3. The local core runs the calculation instantly, returning the precise statistical value.

## Frequently Asked Questions

**How is calculate_median different from calculate_mean?**
The median finds the middle value; the mean calculates the average. If your data has extreme outliers (very high or very low numbers), the mean gets pulled toward those outliers, making the median a more honest measure of what's typical.

**Can I use calculate_percentile to find my 90th percentile latency?**
Yes. Using `calculate_percentile` with '90' as the parameter will tell you that 90% of your measurements were below that value, providing a much tighter service guarantee than just relying on the mean.

**Does calculate_standard_deviation account for different data types?**
No. This engine is designed only for numerical datasets. You must pass arrays of numbers to `calculate_standard_deviation` or any other statistical tool; it won't process text.

**Is the calculation done securely using calculate_mean?**
Yes, absolutely. All calculations run locally within your environment (vurb). This means your data never leaves your local infrastructure and isn't sent to a third-party API for processing.

**What format should the data be in for calculate_mode to work?**
The input must be a simple array of numbers.
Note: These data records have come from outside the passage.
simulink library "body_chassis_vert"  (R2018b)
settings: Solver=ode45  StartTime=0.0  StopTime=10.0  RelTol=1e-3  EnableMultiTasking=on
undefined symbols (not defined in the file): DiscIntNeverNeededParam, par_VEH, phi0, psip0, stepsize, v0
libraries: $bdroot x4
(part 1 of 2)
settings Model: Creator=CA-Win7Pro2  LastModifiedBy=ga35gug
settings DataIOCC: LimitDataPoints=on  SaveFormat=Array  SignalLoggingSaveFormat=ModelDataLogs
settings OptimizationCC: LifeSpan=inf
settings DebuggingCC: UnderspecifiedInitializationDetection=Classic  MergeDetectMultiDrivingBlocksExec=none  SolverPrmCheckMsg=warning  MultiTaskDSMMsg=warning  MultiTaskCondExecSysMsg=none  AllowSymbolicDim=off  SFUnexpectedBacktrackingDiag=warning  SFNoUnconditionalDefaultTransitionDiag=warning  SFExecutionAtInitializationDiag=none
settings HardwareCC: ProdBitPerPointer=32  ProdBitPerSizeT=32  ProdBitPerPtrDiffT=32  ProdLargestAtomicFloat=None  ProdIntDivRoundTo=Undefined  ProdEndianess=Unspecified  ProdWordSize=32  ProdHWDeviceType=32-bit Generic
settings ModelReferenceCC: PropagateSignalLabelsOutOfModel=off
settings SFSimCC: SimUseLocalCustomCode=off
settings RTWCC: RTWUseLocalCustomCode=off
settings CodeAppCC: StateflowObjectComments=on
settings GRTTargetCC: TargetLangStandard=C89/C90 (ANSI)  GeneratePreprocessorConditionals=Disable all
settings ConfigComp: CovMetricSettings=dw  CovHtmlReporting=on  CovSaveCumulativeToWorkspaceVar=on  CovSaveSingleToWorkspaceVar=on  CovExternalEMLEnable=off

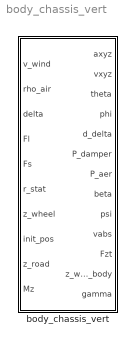
== system body_chassis_vert ==
  body_chassis_vert : Subsystem

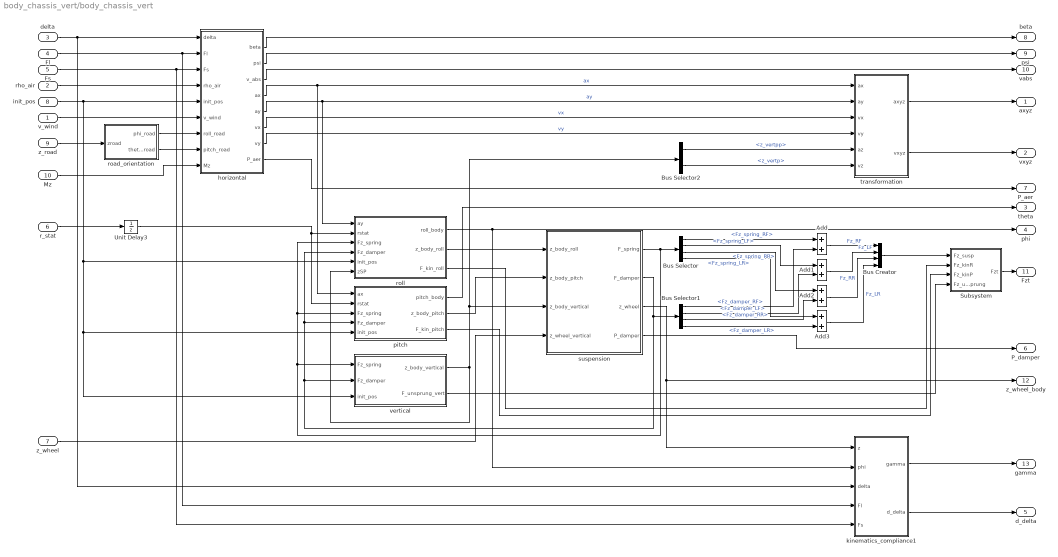
== system body_chassis_vert/body_chassis_vert ==
  v_wind : Inport
  rho_air : Inport  Port=2
  delta : Inport  Port=3
  Fl : Inport  Port=4
  Fs : Inport  Port=5
  r_stat : Inport  Port=6
  z_wheel : Inport  Port=7
  init_pos : Inport  Port=8
  z_road : Inport  Port=9
  Mz : Inport  Port=10
  Add{,1..3} (4 alike) : Sum
  Bus Creator : BusCreator  Inputs=4
  Bus Selector : BusSelector  OutputSignals=Fz_spring_RF,Fz_spring_LF,Fz_spring_RR,Fz_spring_LR
  Bus Selector1 : BusSelector  OutputSignals=Fz_damper_RF,Fz_damper_LF,Fz_damper_RR,Fz_damper_LR
  Bus Selector2 : BusSelector  OutputSignals=z_vertpp,z_vertp
  Subsystem : Subsystem
  Unit Delay3 : UnitDelay  SampleTime=-1
  horizontal : Subsystem
  kinematics_compliance1 : Subsystem
  pitch : Subsystem
  road_orientation : Subsystem
  roll : Subsystem
  suspension : Subsystem
  transformation : Subsystem
  vertical : Subsystem
  axyz : Outport
  vxyz : Outport  Port=2
  theta : Outport  Port=3
  phi : Outport  Port=4
  d_delta : Outport  Port=5
  P_damper : Outport  Port=6
  P_aer : Outport  Port=7
  beta : Outport  Port=8
  psi : Outport  Port=9
  vabs : Outport  Port=10
  Fzt : Outport  Port=11
  z_wheel_body : Outport  Port=12
  gamma : Outport  Port=13
  wires:
  Mz/1 -> horizontal/9(Mz)
  kinematics_compliance1/2(d_delta) -> d_delta/1
  kinematics_compliance1/1(gamma) -> gamma/1
  road_orientation/2(theta_road) -> horizontal/8(pitch_road)
  road_orientation/1(phi_road) -> horizontal/7(roll_road)
  z_road/1 -> road_orientation/1(zroad)
  suspension/3(z_wheel) -> z_wheel_body/1, kinematics_compliance1/1(z)
  roll/1(roll_body) -> phi/1, kinematics_compliance1/2(phi)
  suspension/1(F_spring) -> roll/3(Fz_spring), pitch/3(Fz_spring), vertical/1(Fz_spring), Bus Selector/1
  suspension/2(F_damper) -> roll/4(Fz_damper), pitch/4(Fz_damper), vertical/2(Fz_damper), Bus Selector1/1
  pitch/3(F_kin_pitch) -> Subsystem/3(Fz_kinP)
  roll/3(F_kin_roll) -> Subsystem/2(Fz_kinR)
  Subsystem/1(Fzt) -> Fzt/1
  Bus Creator/1 -> Subsystem/1(Fz_susp)
  pitch/1(pitch_body) -> theta/1
  horizontal/6(vx) -> transformation/3(vx)  "vx"
  horizontal/7(vy) -> transformation/4(vy)  "vy"
  horizontal/5(ay) -> transformation/2(ay), roll/1(ay)  "ay"
  horizontal/4(ax) -> transformation/1(ax), pitch/1(ax)  "ax"
  transformation/1(axyz) -> axyz/1
  transformation/2(vxyz) -> vxyz/1
  Bus Selector2/2 -> transformation/6(vz)  "<z_vertp>"
  Bus Selector2/1 -> transformation/5(az)  "<z_vertpp>"
  Add3/1 -> Bus Creator/4  "Fz_LR"
  Add2/1 -> Bus Creator/3  "Fz_RR"
  Add1/1 -> Bus Creator/2  "Fz_LF"
  Add/1 -> Bus Creator/1  "Fz_RF"
  Bus Selector1/4 -> Add3/2  "<Fz_damper_LR>"
  Bus Selector/4 -> Add3/1  "<Fz_spring_LR>"
  Bus Selector1/3 -> Add2/2  "<Fz_damper_RR>"
  Bus Selector/3 -> Add2/1  "<Fz_spring_RR>"
  Bus Selector1/2 -> Add1/2  "<Fz_damper_LF>"
  Bus Selector/2 -> Add1/1  "<Fz_spring_LF>"
  Bus Selector1/1 -> Add/2  "<Fz_damper_RF>"
  Bus Selector/1 -> Add/1  "<Fz_spring_RF>"
  roll/2(z_body_roll) -> suspension/1(z_body_roll)
  pitch/2(z_body_pitch) -> suspension/2(z_body_pitch)
  z_wheel/1 -> suspension/4(z_wheel_vertical)
  vertical/1(z_body_vertical) -> Bus Selector2/1, suspension/3(z_body_vertical), roll/6(zSP)
  v_wind/1 -> horizontal/6(v_wind)
  init_pos/1 -> horizontal/5(init_pos), pitch/5(init_pos), vertical/3(init_pos), roll/5(init_pos)
  rho_air/1 -> horizontal/4(rho_air)
  Unit Delay3/1 -> pitch/2(rstat), roll/2(rstat)
  delta/1 -> horizontal/1(delta), kinematics_compliance1/3(delta)
  horizontal/1(beta) -> beta/1
  horizontal/2(psi) -> psi/1
  Fl/1 -> horizontal/2(Fl), kinematics_compliance1/4(Fl)
  horizontal/3(v_abs) -> vabs/1
  Fs/1 -> horizontal/3(Fs), kinematics_compliance1/5(Fs)
  r_stat/1 -> Unit Delay3/1
  suspension/4(P_damper) -> P_damper/1
  horizontal/8(P_aer) -> P_aer/1
  vertical/2(F_unsprung_vert) -> Subsystem/4(Fz_unsprung)

== system body_chassis_vert/body_chassis_vert/Subsystem ==
  Fz_susp : Inport
  Fz_kinR : Inport  Port=2
  Fz_kinP : Inport  Port=3
  Fz_unsprung : Inport  Port=4
  Bus Creator : BusCreator  Inputs=4
  Bus Selector : BusSelector  OutputSignals=Fz_RF,Fz_LF,Fz_RR,Fz_LR
  Bus Selector1 : BusSelector  OutputSignals=F_kinR_RF,F_kinR_LF,F_kinR_RR,F_kinR_LR
  Bus Selector2 : BusSelector  OutputSignals=F_kinP_RF,F_kinP_LF,F_kinP_RR,F_kinP_LR
  Bus Selector3 : BusSelector  OutputSignals=F_us_RF,F_us_LF,F_us_RR,F_us_LR
  LF : Sum  Inputs=++++
  LR : Sum  Inputs=++++
  RF : Sum  Inputs=++++
  RR : Sum  Inputs=++++
  Fzt : Outport
  wires:
  Bus Selector2/4 -> LR/3  "<F_kinP_LR>"
  Bus Selector2/3 -> RR/3  "<F_kinP_RR>"
  Bus Creator/1 -> Fzt/1
  LR/1 -> Bus Creator/4  "Fz_LR"
  RR/1 -> Bus Creator/3  "Fz_RR"
  LF/1 -> Bus Creator/2  "Fz_LF"
  RF/1 -> Bus Creator/1  "Fz_RF"
  Bus Selector2/2 -> LF/3  "<F_kinP_LF>"
  Bus Selector2/1 -> RF/3  "<F_kinP_RF>"
  Bus Selector1/4 -> LR/2  "<F_kinR_LR>"
  Bus Selector1/3 -> RR/2  "<F_kinR_RR>"
  Bus Selector1/2 -> LF/2  "<F_kinR_LF>"
  Bus Selector1/1 -> RF/2  "<F_kinR_RF>"
  Bus Selector/4 -> LR/1  "<Fz_LR>"
  Bus Selector/3 -> RR/1  "<Fz_RR>"
  Bus Selector/2 -> LF/1  "<Fz_LF>"
  Bus Selector/1 -> RF/1  "<Fz_RF>"
  Fz_kinP/1 -> Bus Selector2/1
  Fz_kinR/1 -> Bus Selector1/1
  Fz_susp/1 -> Bus Selector/1
  Fz_unsprung/1 -> Bus Selector3/1
  Bus Selector3/1 -> RF/4  "<F_us_RF>"
  Bus Selector3/2 -> LF/4  "<F_us_LF>"
  Bus Selector3/3 -> RR/4  "<F_us_RR>"
  Bus Selector3/4 -> LR/4  "<F_us_LR>"

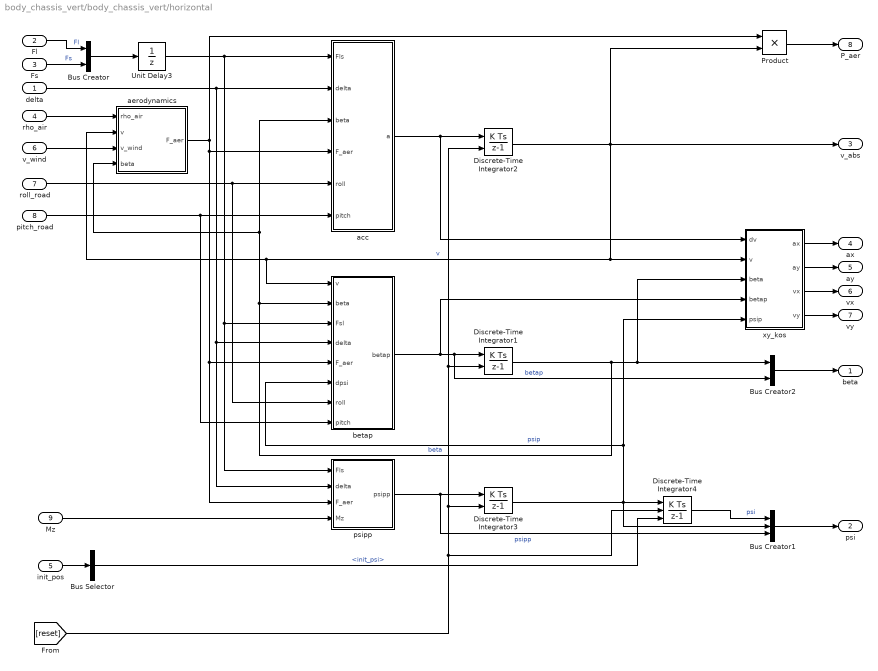
== system body_chassis_vert/body_chassis_vert/horizontal ==
  delta : Inport
  Fl : Inport  Port=2
  Fs : Inport  Port=3
  rho_air : Inport  Port=4
  init_pos : Inport  Port=5
  v_wind : Inport  Port=6
  roll_road : Inport  Port=7
  pitch_road : Inport  Port=8
  Mz : Inport  Port=9
  Bus Creator : BusCreator  Inputs=2
  Bus Creator1 : BusCreator  Inputs=3
  Bus Creator2 : BusCreator  Inputs=2
  Bus Selector : BusSelector  OutputSignals=init_psi
  Discrete-Time Integrator1 : DiscreteIntegrator  ExternalReset=sampled level  SampleTime=-1  ICPrevOutput=DiscIntNeverNeededParam  ICPrevScaledInput=DiscIntNeverNeededParam
  Discrete-Time Integrator2 : DiscreteIntegrator  ExternalReset=sampled level  InitialCondition=v0  SampleTime=-1  ICPrevOutput=DiscIntNeverNeededParam  ICPrevScaledInput=DiscIntNeverNeededParam
  Discrete-Time Integrator3 : DiscreteIntegrator  ExternalReset=sampled level  InitialCondition=psip0  SampleTime=-1  ICPrevOutput=DiscIntNeverNeededParam  ICPrevScaledInput=DiscIntNeverNeededParam
  Discrete-Time Integrator4 : DiscreteIntegrator  ExternalReset=sampled level  InitialConditionSource=external  SampleTime=-1  ICPrevOutput=DiscIntNeverNeededParam  ICPrevScaledInput=DiscIntNeverNeededParam
  Product : Product
  Unit Delay3 : UnitDelay  SampleTime=-1
  acc : Subsystem
  aerodynamics : Subsystem
  betap : Subsystem
  psipp : Subsystem
  xy_kos : Subsystem
  beta : Outport
  psi : Outport  Port=2
  v_abs : Outport  Port=3
  ax : Outport  Port=4
  ay : Outport  Port=5
  vx : Outport  Port=6
  vy : Outport  Port=7
  P_aer : Outport  Port=8
  wires:
  Mz/1 -> psipp/4(Mz)
  Bus Creator2/1 -> beta/1
  pitch_road/1 -> betap/8(pitch), acc/6(pitch)
  roll_road/1 -> acc/5(roll), betap/7(roll)
  xy_kos/4(vy) -> vy/1
  xy_kos/2(ay) -> ay/1
  v_wind/1 -> aerodynamics/3(v_wind)
  Bus Selector/1 -> Discrete-Time Integrator4/3  "<init_psi>"
  init_pos/1 -> Bus Selector/1
  [reset] -> Discrete-Time Integrator4/2, Discrete-Time Integrator3/2, Discrete-Time Integrator1/2, Discrete-Time Integrator2/2
  rho_air/1 -> aerodynamics/1(rho_air)
  xy_kos/1(ax) -> ax/1
  Bus Creator/1 -> Unit Delay3/1
  Fl/1 -> Bus Creator/1  "Fl"
  Fs/1 -> Bus Creator/2  "Fs"
  Discrete-Time Integrator3/1 -> xy_kos/5(psip), betap/6(dpsi), Discrete-Time Integrator4/1, Bus Creator1/2  "psip"
  psipp/1(psipp) -> Discrete-Time Integrator3/1, Bus Creator1/3  "psipp"
  Discrete-Time Integrator1/1 -> xy_kos/3(beta), Bus Creator2/1, aerodynamics/4(beta), acc/3(beta), betap/2(beta)  "beta"
  betap/1(betap) -> xy_kos/4(betap), Discrete-Time Integrator1/1, Bus Creator2/2  "betap"
  delta/1 -> acc/2(delta), psipp/2(delta), betap/4(delta)
  aerodynamics/1(F_aer) -> psipp/3(F_aer), betap/5(F_aer), acc/4(F_aer), Product/1
  Discrete-Time Integrator2/1 -> v_abs/1, Product/2, aerodynamics/2(v), betap/1(v), xy_kos/2(v)  "v"
  acc/1(a) -> xy_kos/1(dv), Discrete-Time Integrator2/1
  Discrete-Time Integrator4/1 -> Bus Creator1/1  "psi"
  Bus Creator1/1 -> psi/1
  xy_kos/3(vx) -> vx/1
  Unit Delay3/1 -> acc/1(Fls), psipp/1(Fls), betap/3(Fsl)
  Product/1 -> P_aer/1

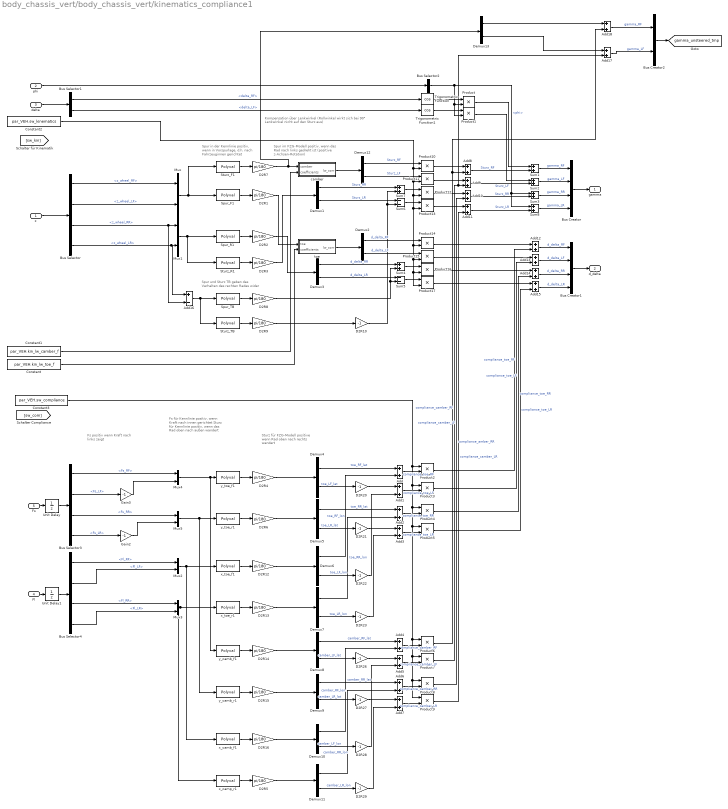
== system body_chassis_vert/body_chassis_vert/kinematics_compliance1 ==
  note: Spur und Sturz TB geben das
      | Verhalten des rechten Rades wider
  note: Spur in der Kennlinie positiv,
      | wenn in Vorspurlage, d.h. nach
      | Fahrzeuginnen gerichtet
  note: Fs für Kennlinie positiv,
      | wenn Kraft nach innen gerichtet
      |
      | Sturz für Kennlinie positiv,
      | wenn das Rad oben nach
      | außen wandert
  note: Fs positiv wenn
      | Kraft nach links zeigt
  note: Kompensation über Lenkwinkel
      | (Rollwinkel wirkt sich bei 90° Lenkwinkel nicht auf den Sturz aus)
  note: Sturz für FZG-Modell
      | positive wenn Rad oben
      | nach rechts wandert
  note: Spur im FZG-Modell positiv,
      | wenn das Rad nach links gedreht ist
      | (positive z-Achsen-Rotation)
  z : Inport
  phi : Inport  Port=2
  delta : Inport  Port=3
  Fl : Inport  Port=4
  Fs : Inport  Port=5
  Add{,1..15,17..18} (18 alike) : Sum
  Add16 : Sum  Inputs=+-
  Bus Creator : BusCreator  Inputs=4
  Bus Creator1 : BusCreator  Inputs=4
  Bus Creator2 : BusCreator  Inputs=2
  Bus Selector : BusSelector  OutputSignals=z_wheel_RF,z_wheel_LF,z_wheel_RR,z_wheel_LR
  Bus Selector1 : BusSelector  OutputSignals=delta_RF,delta_LF
  Bus Selector2 : BusSelector  OutputSignals=phi
  Bus Selector3 : BusSelector  OutputSignals=Fs_RF,Fs_LF,Fs_RR,Fs_LR
  Bus Selector4 : BusSelector  OutputSignals=Fl_RF,Fl_LF,Fl_RR,Fl_LR
  Constant : Constant  Value=par_VEH.kin_lw_toe_f
  Constant1 : Constant  Value=par_VEH.kin_lw_camber_f
  Constant2 : Constant  Value=par_VEH.sw_kinematics
  Constant3 : Constant  Value=par_VEH.sw_compliance
  D2R{1..9,12..16} (14 alike) : Gain  Gain=pi/180
  D2R{10,20..23,26..29} (9 alike) : Gain  Gain=-1
  Demux{1..13} (13 alike) : Demux  Outputs=2
  Gain2 : Gain  Gain=-1
  Gain3 : Gain  Gain=-1
  Mux{,1..5} (6 alike) : Mux  Inputs=2
  Product{,1..17} (18 alike) : Product  RndMeth=Zero
  Spur_F1 : Polyval  Coefs=par_VEH.kin_toe_f
  Spur_R1 : Polyval  Coefs=par_VEH.kin_toe_r
  Spur_TB : Polyval  Coefs=par_VEH.elkin_toe_twistbeam
  Sturz_F1 : Polyval  Coefs=par_VEH.kin_camb_f
  Sturz_R1 : Polyval  Coefs=par_VEH.kin_camb_r
  Sturz_TB : Polyval  Coefs=par_VEH.elkin_camb_twistbeam
  Sum{1..4,7..8} (6 alike) : Sum
  Sum5 : Sum  Inputs=--
  Sum6 : Sum  Inputs=--
  Trigonometric Function : Trigonometry  Operator=cos
  Trigonometric Function1 : Trigonometry  Operator=cos
  Unit Delay : UnitDelay  SampleTime=-1
  Unit Delay1 : UnitDelay  SampleTime=-1
  camber : Subsystem
  toe : Subsystem
  x_camb_f1 : Polyval  Coefs=par_VEH.elkin_x_camb_f
  x_camp_r1 : Polyval  Coefs=par_VEH.elkin_x_camb_r
  x_toe_f1 : Polyval  Coefs=par_VEH.elkin_x_toe_f
  x_toe_r1 : Polyval  Coefs=par_VEH.elkin_x_toe_r
  y_camb_f1 : Polyval  Coefs=par_VEH.elkin_y_camb_f
  y_camb_r1 : Polyval  Coefs=par_VEH.elkin_y_camb_r
  y_toe_f1 : Polyval  Coefs=par_VEH.elkin_y_toe_f
  y_toe_r1 : Polyval  Coefs=par_VEH.elkin_y_toe_r
  gamma : Outport
  d_delta : Outport  Port=2
  tag scope: gamma_unsteered_tmp=global
  wires:
  Bus Creator2/1 -> [gamma_unsteered_tmp]
  Add17/1 -> Bus Creator2/2  "gamma_LF"
  Add18/1 -> Bus Creator2/1  "gamma_RF"
  Demux13/1 -> Add18/1
  Demux13/2 -> Add17/1
  Constant1/1 -> camber/2(coefficients)
  Constant/1 -> toe/2(coefficients)
  D2R1/1 -> toe/1("toe ")
  toe/1(lw_corr) -> Demux2/1
  camber/1(lw_corr) -> Demux12/1
  Mux1/1 -> Sturz_R1/1, Spur_R1/1
  Spur_R1/1 -> D2R2/1
  Spur_F1/1 -> D2R1/1
  Sturz_F1/1 -> D2R7/1
  D2R7/1 -> camber/1("camber "), Demux13/1
  Mux/1 -> Sturz_F1/1, Spur_F1/1
  y_toe_f1/1 -> D2R4/1
  y_toe_r1/1 -> D2R6/1
  x_toe_f1/1 -> D2R12/1
  x_toe_r1/1 -> D2R13/1
  y_camb_f1/1 -> D2R14/1
  y_camb_r1/1 -> D2R15/1
  x_camb_f1/1 -> D2R16/1
  x_camp_r1/1 -> D2R5/1
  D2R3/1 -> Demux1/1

The engine accepts standard JavaScript number arrays, so you just pass it an ordered list like `[1, 2, 3, 5]`. It handles single-dimensional datasets perfectly.

**Does calculate_standard_deviation handle very large data sets?**
Yes. Because the calculation runs locally using a highly optimized JavaScript core, it processes massive arrays of numbers without network lag or memory overflow issues you'd see with cloud APIs.

**What happens if I use calculate_mean on an empty dataset?**
If you pass an empty array, the tool returns `NaN` (Not a Number). This predictable error allows your agent to immediately catch invalid inputs and prompt for correct data.

**How is the privacy of my data maintained when using calculate_percentile?**
The calculation never leaves your machine. The entire process runs locally, meaning your sensitive metrics or user telemetry are processed entirely on your local computational core. Zero API calls means zero data leaving your network.

**Why use this instead of asking the AI to analyze the dataset directly?**
AIs hallucinate complex data calculations because they generate text, not numbers. This MCP provides the AI with a deterministic tool, forcing it to offload the actual number-crunching to a strict JavaScript engine.

**Is my data sent to any external service?**
No. The entire engine runs completely local in your local environment. It is "Privacy First" by design, requiring no external APIs or network access.

**How does the percentile calculation work?**
The tool sorts your dataset and uses a robust interpolation method to find the exact boundary value below which a given percentage of observations fall. Perfect for p95 or p99 SLA reporting.